ACTIVITY:
Could you copy each line of the entries that contains "lines"?

SOURCE INFORMATION:
--

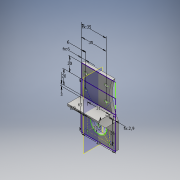
# Autodesk Inventor part: support_nema17_40mm
Saved by Autodesk Inventor 2016 (Build 200138000, 138)
## iProperties
Created: 2018-01-08
Part Number: support_nema17_40mm
Material: Generic
Document SubType Name: Modeling
Designer: mbouhier
Density: 1 g/cm^3
Appearance: Default
Author: mbouhier
Autodesk Inventor part; units mm, degrees
ref_plane "YZ Plane" through (0, 0, 0) normal (1, 0, 0) x (0, 1, 0)
ref_plane "XZ Plane" through (0, 0, 0) normal (0, 1, 0) x (-1, 0, 0)
ref_plane "XY Plane" through (0, 0, 0) normal (0, 0, 1) x (1, 0, 0)
sketch "Sketch1" plane through (0, 0, 0) normal (0, 1, 0) x (-1, 0, 0)
  line L0 (-24, 32.5) -> (24, 32.5)
  line L1 (24, 32.5) -> (24, -32.5)
  line L2 (24, -32.5) -> (-24, -32.5)
  line L3 (-24, -32.5) -> (-24, 32.5)
  line L4 (-24, 32.5) -> (24, -32.5) construction
  line L5 (24, 32.5) -> (-24, -32.5) construction
  line L6 (24, 9.5) -> (-24, 9.5)
  line L7 (-24, 9.5) -> (-24, -32.5)
  line L8 (-24, -32.5) -> (24, -32.5)
  line L9 (24, -32.5) -> (24, 9.5)
  circle A0 centre (0, -11.5) radius 11.25
  line L10 (24, 12.5) -> (-24, 12.5)
  line L11 (-24, 24.95) -> (-24, 20.05)
  line L12 (15.5, -27) -> (-15.5, -27) construction
  line L13 (-15.5, -27) -> (-15.5, 4) construction
  line L14 (-15.5, 4) -> (15.5, 4) construction
  line L15 (15.5, 4) -> (15.5, -27) construction
  line L16 (15.5, -27) -> (-15.5, 4) construction
  line L17 (-15.5, -27) -> (15.5, 4) construction
  line L18 (-24, 52.5) -> (24, 52.5)
  line L19 (24, 52.5) -> (24, 32.5)
  line L20 (24, 32.5) -> (-24, 32.5)
  line L21 (-24, 32.5) -> (-24, 52.5)
  point P0 (0, 0)
  point P1 (-21.1, 9.5)
  point P2 (21.1, 9.5)
  point P3 (18, 42.6936)
  point P4 (-11, 42.5)
  point P5 (18, 22.5)
  point P6 (-11, 22.3064)
  dimension "d0" = 48
  dimension "d1" = 65
  dimension "d2" = 20
  dimension "d3" = 3
  dimension "d4" = 2.9
  dimension "d5" = 2.9
  dimension "d6" = 22.5
  dimension "d35" = 31
  dimension "d36" = 31
  dimension "d71" = 20
  dimension "d73" = 6
  dimension "d74" = 6
  dimension "d82" = 35
  dimension "d83" = 35
  constraints: 44 end point, 8 parallel, 6 point on line, 5 coincident, 5 perpendicular, 4 horizontal, 4 midpoint, 1 centre point
  measures "d0" distance of L1.end L2.end
  measures "d1" distance of L0.end L1.end
  measures "d2" distance from line of L10.start L0
  measures "d3" distance of L6.start L10.start
  measures "d4" distance from line of L1 point (21.1, 9.5)
  measures "d5" distance from line of L3 point (-21.1, 9.5)
  measures "d6" diameter of A0
  measures "d35" distance of L13.end L14.end
  measures "d36" distance of L12.end L13.end
  measures "d71" distance between parallel lines of L18 L0
  measures "d73" distance from line of L1 point (18, 22.5)
  measures "d74" distance from line of L19 point (18, 42.694)
  measures "d82" distance from line of point (-11, 42.5) L19
  measures "d83" distance from line of L1 point (-11, 22.306)
extrude "Extrusion1" add sketch "Sketch1" along normal blind 4.2
sketch "Sketch2" plane through (0, 4.2, 0) normal (0, 1, 0) x (1, 0, 0)
  point P0 (0, 0)
  point P1 (11, -42.5)
  point P2 (11, -22.3064)
  point P3 (-18, -22.5)
  point P4 (-18, -42.6936)
hole "Hole5" at (11, 4.2, 42.5) at (-18, 4.2, 42.6936) at (11, 4.2, 22.3064) at (-18, 4.2, 22.5) direction (0, -1, 0) diameter 4.5 end through all
extrude "Extrusion3" add sketch "Sketch1" against normal blind 20 contours L1 L6 L3 L10
sketch "Sketch4" plane through (24, 0, -32.5) normal (1, 0, 0) x (0, 0, -1)
  line L0 (-42, -20) -> (-42, 0) projected
  line L1 (-42, -20) -> (-22, 0)
  line L2 (0, 0) -> (-42, 0) projected
  line L3 (-22, 0) -> (-42, 0)
  line L4 (-42, 0) -> (-42, -20)
  point P0 (-32.5, 0)
  dimension "d32" = 20
  constraints: 6 end point, 2 collinear
  measures "d32" distance from line of L1.end L0
extrude "Extrusion4" add sketch "Sketch4" against normal blind 2.7
ref_plane "Work Plane1" through (0, 0, 52.5) normal (-1, 0, 0) x (0, 0, 1)
mirror "Mirror1" about plane through (0, 0, 52.5) normal (-1, 0, 0) of "Extrusion4"
sketch "Sketch5" plane through (0, 4.2, 0) normal (0, 1, 0) x (1, 0, 0)
  point P0 (0, 0)
  point P1 (-15.5, 27)
  point P2 (15.5, 27)
  point P3 (-15.5, -4)
  point P4 (15.5, -4)
hole "Hole4" at (-15.5, 4.2, -27) at (15.5, 4.2, -27) at (-15.5, 4.2, 4) at (15.5, 4.2, 4) direction (0, -1, 0) diameter 3.2 depth 8 tip angle 118 countersink diameter 6 countersink angle 90
sketch "Sketch6" plane through (21.3, -20, 9.5) normal (0, 0, -1) x (-1, 0, 0)
  line L0 (42.6, 0) -> (42.6, 20) projected
  line L1 (0, 20) -> (42.6, 20) projected
  line L2 (0, 20) -> (0, 0) projected
  line L3 (42.6, 0) -> (0, 0) projected
  point P0 (21.3, 20)
extrude "ajustement 0.2mm" cut sketch "Sketch6" against normal blind 0.4
sketch "Sketch7" plane through (0, 4.2, 0) normal (0, 1, 0) x (1, 0, 0)
  circle A0 centre (70.6822, -32.5) radius 55
  line L0 (21.3, -9.9) -> (-21.3, -9.9) construction
  line L1 (21.3, -9.9) -> (21.3, -51.2) construction
  line L2 (137, -22.5) -> (-72, -22.5) construction
  line L3 (0, -123.9517) -> (0, 131.2102) construction
  circle A1 centre (0, 11.5) radius 83.2585 construction
  line L4 (134.8387, -42.5) -> (-75.1613, -42.5) construction
  line L5 (134.8387, -32.5) -> (-75.1613, -32.5) construction
  point P0 (0, 0)
  dimension "d67" = 166.517
  dimension "d53" = 110
  dimension "d69" = 20
  dimension "d70" = 10
  constraints: 8 end point, 3 horizontal, 2 coincident, 1 centre point, 1 point on line, 1 vertical, 3 other
  measures "d53" diameter of A0
  measures "d69" distance between parallel lines of L4 L2
  measures "d70" distance between parallel lines of L5 L2
sketch "Sketch8" plane through (0, 0, 0) normal (0, -1, 0) x (1, 0, 0)
  line L0 (-21.3, 9.9) -> (21.3, 9.9) projected
  line L1 (21.3, -10.5) -> (21.3, 9.5) projected
  line L2 (-21.3, -10.5) -> (-21.3, 9.5) projected
  line L3 (21.3, 9.9) -> (-21.3, 9.9) projected
  line L4 (-18.3, 9.9) -> (-21.3, 6.9)
  line L5 (-21.3, 9.9) -> (-21.3, -10.5) projected
  line L6 (18.3, 9.9) -> (21.3, 6.9)
  line L7 (21.3, -10.5) -> (21.3, 9.9) projected
  point P0 (0, 0)
  dimension "d54" = 3
  dimension "d55" = 3
  dimension "d56" = 3
  dimension "d57" = 3
  constraints: 4 end point, 4 point on line
  measures "d54" distance from line of L2 L4.start
  measures "d55" distance from line of L4.end L0
  measures "d56" distance from line of L6.start L1
  measures "d57" distance from line of L6.end L0
extrude "Extrusion6" add sketch "Sketch8" along normal blind 20
sketch "Sketch9" plane through (24, 0, -32.5) normal (1, 0, 0) x (0, 0, -1)
  line L0 (-39.4, -20) -> (-42, -20) projected
  line L1 (-39.4, -17.4) -> (-39.4, -20) projected
  line L2 (-42, -20) -> (-22, 0) projected
  point P0 (-32.5, 0)
extrude "Extrusion7" cut sketch "Sketch9" against normal through all
extrude "Extrusion8" cut sketch "Sketch7" against normal blind 30
sketch "Sketch10" plane through (-24, -20, 12.5) normal (0, 0, 1) x (1, 0, 0)
  line L0 (43.4475, 0) -> (43.4475, 20) projected
  line L1 (0, 20) -> (43.4475, 20) projected
  line L2 (0, 20) -> (0, 0) projected
  line L3 (43.4475, 0) -> (0, 0) projected
  point P0 (24, 20)
extrude "ajustement 0.2" cut sketch "Sketch10" against normal blind 0.2
equation "\"d5\" = d4"
equation "\"d74\" = d73"
equation "\"d83\" = d82"
equation "\"d55\" = d54"
equation "\"d56\" = d54"
equation "\"d57\" = d56"
body "Solid1"

--

ANSWER SPACE:
  measures "d71" distance between parallel lines of L18 L0
  measures "d69" distance between parallel lines of L4 L2
  measures "d70" distance between parallel lines of L5 L2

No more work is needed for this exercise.